DUE March 22

  1. 1.a Consider the following 2-players game. One player thinks of a number in the range [1..n]. The other attempts to find the number by asking questions of the form: Is the number bigger equal or smaller than x?" Assume no cheating. We want to minimize the no. of questions required for finding the number (worst case). Design a good strategy for achieving this goal (for the second player).

    1.b Same as 1.a but the first player can choose any positive number (i.e the range is not preset)

    1.c What is the no. of questions required in both 1.a and 1.b (worst case) as a function of n in the first case and as a function of the magnitude of the choosen number in the second case?

  2. You are given a set S cotaining n numbers and a real number x

    2.a Design an algorithm that determines whether there are 2 elements in S whose sum equals x. The complexity should be O(n*logn).

    2.b Suppose now that S is ordered. Solve the same problem as in 2.a in O(n) time.

    Hint: Find a way to eliminate one element from S in constant time and then use induction.
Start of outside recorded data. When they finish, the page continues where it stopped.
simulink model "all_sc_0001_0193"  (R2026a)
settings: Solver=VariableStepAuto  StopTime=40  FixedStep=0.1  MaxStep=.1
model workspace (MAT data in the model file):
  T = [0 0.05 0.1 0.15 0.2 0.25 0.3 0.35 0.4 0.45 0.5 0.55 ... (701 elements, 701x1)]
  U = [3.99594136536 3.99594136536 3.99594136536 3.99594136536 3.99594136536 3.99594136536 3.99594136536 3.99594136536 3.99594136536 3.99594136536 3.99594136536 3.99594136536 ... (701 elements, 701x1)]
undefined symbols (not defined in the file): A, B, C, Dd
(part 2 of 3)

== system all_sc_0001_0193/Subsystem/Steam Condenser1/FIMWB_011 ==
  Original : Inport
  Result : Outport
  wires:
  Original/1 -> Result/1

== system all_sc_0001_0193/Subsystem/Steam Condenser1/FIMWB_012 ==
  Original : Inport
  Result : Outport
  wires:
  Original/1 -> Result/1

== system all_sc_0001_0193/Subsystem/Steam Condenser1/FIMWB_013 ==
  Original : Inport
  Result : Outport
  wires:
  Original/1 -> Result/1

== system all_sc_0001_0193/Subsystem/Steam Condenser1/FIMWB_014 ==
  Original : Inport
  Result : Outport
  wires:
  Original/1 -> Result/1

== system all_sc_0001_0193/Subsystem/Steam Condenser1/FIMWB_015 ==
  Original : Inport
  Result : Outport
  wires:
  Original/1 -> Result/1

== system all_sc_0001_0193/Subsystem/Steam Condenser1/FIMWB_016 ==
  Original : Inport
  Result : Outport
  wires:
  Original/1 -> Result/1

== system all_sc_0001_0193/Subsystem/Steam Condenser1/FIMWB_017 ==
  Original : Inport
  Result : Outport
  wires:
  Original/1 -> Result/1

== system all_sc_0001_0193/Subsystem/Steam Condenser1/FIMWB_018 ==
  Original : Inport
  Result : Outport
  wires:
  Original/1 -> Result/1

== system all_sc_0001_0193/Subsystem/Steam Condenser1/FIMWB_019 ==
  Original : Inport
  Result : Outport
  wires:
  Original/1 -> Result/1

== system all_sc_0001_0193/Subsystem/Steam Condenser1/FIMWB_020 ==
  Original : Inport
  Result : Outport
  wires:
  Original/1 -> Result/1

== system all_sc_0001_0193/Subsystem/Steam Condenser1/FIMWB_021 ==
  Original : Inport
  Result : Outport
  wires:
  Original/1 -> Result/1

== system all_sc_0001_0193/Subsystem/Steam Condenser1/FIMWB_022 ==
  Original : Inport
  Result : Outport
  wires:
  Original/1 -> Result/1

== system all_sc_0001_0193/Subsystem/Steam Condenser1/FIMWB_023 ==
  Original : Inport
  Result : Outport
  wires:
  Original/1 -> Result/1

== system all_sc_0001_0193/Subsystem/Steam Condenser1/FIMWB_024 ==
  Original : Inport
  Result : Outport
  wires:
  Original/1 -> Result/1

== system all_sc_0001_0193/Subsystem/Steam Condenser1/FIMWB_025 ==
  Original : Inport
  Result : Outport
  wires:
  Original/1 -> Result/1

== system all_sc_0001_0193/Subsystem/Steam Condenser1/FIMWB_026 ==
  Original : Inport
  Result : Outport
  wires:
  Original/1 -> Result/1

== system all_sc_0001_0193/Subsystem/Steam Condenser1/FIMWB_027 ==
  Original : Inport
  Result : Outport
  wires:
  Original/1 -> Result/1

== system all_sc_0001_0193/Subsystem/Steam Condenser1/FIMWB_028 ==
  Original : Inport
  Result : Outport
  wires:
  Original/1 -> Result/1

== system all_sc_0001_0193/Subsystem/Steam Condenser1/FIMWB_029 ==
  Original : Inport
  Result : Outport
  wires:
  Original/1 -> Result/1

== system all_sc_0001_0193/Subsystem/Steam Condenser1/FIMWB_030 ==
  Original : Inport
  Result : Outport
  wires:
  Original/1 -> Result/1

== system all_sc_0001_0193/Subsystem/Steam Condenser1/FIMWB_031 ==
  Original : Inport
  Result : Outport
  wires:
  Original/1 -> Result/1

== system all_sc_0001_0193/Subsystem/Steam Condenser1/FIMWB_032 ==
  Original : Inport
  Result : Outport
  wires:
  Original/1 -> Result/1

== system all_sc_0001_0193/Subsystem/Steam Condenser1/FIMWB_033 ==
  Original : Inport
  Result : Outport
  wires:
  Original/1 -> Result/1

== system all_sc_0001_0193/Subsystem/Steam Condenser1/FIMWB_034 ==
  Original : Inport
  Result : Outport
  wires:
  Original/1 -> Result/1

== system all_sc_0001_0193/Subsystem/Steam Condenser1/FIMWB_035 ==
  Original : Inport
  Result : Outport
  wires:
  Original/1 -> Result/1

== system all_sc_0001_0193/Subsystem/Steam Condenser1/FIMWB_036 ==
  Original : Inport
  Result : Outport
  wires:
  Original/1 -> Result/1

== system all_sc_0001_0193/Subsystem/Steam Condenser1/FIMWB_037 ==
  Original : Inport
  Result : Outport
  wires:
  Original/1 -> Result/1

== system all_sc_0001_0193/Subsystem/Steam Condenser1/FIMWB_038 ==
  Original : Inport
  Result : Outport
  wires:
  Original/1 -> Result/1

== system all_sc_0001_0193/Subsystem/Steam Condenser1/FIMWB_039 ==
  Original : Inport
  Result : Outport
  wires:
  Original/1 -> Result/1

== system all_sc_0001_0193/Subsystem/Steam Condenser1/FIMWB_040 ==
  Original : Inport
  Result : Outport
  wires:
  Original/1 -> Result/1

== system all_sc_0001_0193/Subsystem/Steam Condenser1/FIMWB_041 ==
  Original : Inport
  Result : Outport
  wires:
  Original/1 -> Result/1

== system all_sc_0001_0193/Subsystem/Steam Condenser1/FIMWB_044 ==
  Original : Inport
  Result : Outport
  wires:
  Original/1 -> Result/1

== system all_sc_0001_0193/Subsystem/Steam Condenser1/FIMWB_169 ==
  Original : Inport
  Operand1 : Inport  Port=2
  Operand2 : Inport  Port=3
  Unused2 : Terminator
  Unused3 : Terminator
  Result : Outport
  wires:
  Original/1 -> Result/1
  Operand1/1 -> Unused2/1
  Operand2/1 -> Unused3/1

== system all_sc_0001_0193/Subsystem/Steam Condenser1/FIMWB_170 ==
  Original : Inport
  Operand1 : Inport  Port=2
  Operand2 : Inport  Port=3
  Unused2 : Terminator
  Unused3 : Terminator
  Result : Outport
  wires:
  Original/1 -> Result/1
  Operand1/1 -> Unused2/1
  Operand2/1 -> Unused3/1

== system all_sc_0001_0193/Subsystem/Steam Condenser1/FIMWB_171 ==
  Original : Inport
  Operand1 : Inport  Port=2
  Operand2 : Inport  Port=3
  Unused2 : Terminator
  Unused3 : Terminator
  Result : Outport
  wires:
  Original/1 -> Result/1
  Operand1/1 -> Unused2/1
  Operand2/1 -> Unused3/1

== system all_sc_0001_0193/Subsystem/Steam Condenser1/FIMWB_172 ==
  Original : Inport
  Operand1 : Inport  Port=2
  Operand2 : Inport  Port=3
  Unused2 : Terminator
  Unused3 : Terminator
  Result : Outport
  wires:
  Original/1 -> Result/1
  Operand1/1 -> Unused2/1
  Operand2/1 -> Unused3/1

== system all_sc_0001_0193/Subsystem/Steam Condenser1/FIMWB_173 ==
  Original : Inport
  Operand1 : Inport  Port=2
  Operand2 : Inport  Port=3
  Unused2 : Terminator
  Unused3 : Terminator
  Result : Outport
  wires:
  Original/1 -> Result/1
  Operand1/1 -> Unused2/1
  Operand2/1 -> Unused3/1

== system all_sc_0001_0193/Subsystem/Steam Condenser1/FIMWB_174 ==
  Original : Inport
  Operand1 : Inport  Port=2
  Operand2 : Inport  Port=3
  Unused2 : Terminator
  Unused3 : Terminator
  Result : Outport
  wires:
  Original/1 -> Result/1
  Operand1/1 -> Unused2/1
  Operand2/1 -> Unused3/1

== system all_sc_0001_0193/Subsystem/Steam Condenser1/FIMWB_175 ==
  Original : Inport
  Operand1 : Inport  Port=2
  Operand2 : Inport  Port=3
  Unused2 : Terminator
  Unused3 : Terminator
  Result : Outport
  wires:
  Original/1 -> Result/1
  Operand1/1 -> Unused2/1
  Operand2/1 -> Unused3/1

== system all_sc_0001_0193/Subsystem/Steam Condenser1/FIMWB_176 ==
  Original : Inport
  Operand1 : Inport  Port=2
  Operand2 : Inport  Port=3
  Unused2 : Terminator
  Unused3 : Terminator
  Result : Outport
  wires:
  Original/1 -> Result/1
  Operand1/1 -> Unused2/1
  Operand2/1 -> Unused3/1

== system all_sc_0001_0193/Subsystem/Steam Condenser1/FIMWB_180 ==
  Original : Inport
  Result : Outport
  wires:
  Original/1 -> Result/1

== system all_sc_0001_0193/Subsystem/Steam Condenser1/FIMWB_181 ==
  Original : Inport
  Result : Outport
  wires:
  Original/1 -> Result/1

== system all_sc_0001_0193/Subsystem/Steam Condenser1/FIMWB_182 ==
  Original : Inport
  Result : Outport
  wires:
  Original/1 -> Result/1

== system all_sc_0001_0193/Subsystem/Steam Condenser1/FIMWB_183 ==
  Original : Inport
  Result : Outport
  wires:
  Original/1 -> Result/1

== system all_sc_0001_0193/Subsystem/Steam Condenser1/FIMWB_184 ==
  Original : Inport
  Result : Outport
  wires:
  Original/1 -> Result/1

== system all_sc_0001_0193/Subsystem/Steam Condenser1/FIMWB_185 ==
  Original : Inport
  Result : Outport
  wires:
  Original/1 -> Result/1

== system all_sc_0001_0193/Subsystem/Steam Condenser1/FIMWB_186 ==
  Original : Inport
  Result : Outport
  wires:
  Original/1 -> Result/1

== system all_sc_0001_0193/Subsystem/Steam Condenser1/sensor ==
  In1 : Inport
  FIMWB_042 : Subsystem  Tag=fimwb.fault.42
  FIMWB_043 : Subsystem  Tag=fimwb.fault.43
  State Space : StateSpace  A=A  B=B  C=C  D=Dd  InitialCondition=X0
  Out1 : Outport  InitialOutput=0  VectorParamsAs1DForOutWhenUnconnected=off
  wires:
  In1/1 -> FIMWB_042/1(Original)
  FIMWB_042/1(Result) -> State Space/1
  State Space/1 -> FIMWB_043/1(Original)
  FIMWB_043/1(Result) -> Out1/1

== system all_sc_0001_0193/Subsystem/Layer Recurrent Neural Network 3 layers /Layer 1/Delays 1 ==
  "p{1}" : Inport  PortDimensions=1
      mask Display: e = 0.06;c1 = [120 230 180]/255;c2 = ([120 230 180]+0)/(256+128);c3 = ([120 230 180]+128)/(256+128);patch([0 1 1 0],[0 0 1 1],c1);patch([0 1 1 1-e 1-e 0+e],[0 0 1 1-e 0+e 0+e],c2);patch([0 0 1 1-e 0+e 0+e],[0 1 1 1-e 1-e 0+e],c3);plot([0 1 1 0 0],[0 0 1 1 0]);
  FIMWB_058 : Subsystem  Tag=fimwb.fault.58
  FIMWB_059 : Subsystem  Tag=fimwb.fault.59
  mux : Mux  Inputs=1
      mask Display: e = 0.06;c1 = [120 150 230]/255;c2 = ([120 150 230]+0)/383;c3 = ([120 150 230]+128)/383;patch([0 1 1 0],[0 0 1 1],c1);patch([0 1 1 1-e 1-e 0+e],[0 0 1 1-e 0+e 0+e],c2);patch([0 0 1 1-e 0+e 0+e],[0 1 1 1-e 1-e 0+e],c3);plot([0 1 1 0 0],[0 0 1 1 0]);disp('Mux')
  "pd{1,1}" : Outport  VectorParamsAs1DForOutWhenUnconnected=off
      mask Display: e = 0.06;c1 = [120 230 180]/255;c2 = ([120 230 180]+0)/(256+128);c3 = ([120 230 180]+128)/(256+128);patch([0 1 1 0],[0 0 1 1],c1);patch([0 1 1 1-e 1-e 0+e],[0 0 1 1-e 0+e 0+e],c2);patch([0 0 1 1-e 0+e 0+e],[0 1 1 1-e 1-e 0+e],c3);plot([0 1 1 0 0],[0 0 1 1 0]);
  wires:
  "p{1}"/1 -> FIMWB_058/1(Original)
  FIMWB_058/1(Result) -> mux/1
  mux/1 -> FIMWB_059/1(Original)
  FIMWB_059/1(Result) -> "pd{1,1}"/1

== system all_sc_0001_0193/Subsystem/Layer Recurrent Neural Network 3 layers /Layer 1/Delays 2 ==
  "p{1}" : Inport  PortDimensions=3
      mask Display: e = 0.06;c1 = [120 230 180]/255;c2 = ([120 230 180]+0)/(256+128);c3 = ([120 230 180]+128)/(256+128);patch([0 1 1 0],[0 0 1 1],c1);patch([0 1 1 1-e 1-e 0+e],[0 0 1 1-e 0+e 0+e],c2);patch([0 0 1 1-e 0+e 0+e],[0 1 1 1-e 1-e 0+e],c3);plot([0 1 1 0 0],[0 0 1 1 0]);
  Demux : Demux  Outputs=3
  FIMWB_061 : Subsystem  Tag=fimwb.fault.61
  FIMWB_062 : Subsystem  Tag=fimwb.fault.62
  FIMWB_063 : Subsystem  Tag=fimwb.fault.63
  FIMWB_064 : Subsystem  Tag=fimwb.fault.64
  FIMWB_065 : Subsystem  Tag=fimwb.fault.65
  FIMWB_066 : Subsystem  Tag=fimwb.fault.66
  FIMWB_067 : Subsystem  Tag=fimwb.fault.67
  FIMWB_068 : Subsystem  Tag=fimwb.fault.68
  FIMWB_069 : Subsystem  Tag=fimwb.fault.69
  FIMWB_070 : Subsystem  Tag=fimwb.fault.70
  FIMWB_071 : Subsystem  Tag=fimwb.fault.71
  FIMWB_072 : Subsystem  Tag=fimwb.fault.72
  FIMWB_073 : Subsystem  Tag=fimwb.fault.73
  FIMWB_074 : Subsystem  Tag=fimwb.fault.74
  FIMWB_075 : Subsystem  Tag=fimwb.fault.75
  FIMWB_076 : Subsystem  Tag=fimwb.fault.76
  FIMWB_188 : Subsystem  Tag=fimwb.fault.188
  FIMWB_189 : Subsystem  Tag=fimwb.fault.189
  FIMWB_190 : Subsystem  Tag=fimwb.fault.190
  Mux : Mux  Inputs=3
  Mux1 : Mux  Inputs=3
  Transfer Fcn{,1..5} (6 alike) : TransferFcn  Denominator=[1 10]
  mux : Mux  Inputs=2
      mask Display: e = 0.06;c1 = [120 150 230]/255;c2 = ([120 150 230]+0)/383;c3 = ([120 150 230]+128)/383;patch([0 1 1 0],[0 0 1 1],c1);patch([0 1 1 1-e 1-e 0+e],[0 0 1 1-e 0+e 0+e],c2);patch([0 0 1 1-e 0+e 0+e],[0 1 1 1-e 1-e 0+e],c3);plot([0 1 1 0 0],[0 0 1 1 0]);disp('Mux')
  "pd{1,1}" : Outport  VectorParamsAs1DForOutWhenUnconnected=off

  3. L is a list of unordered keys. Construct a tree T as follows: R is the root of T and T1, T2 are the left and right subtrees hanging from R; Using the first round of Quicksort, split L into L1,P,L2 where P is the Pivot and L1,L2 are the sublists of the numbers smaller and bigger than P respectively; Now insert P into R and, recursively, construct T1 and T2 in the same way from L1 and L2 correspondingly. List all the properties of the resulting tree you can observe. What is the complexity of building T?

  4. Assume the Quicksort procedure applied on a list L[i], i in [1..n] , that chooses the first element of the list as Pivot.

    4.a What is the complexity of the procedure if L is already ordered?

    4.b Same question but L is ordered in reverse order?

    4.c What is the number of "swaps" in both the above cases?

    4.d How would you find the median of L by using a reduced form of Quicksort?

    4.e Find the median of the list below using (d) above. Count the no. of comparisons used.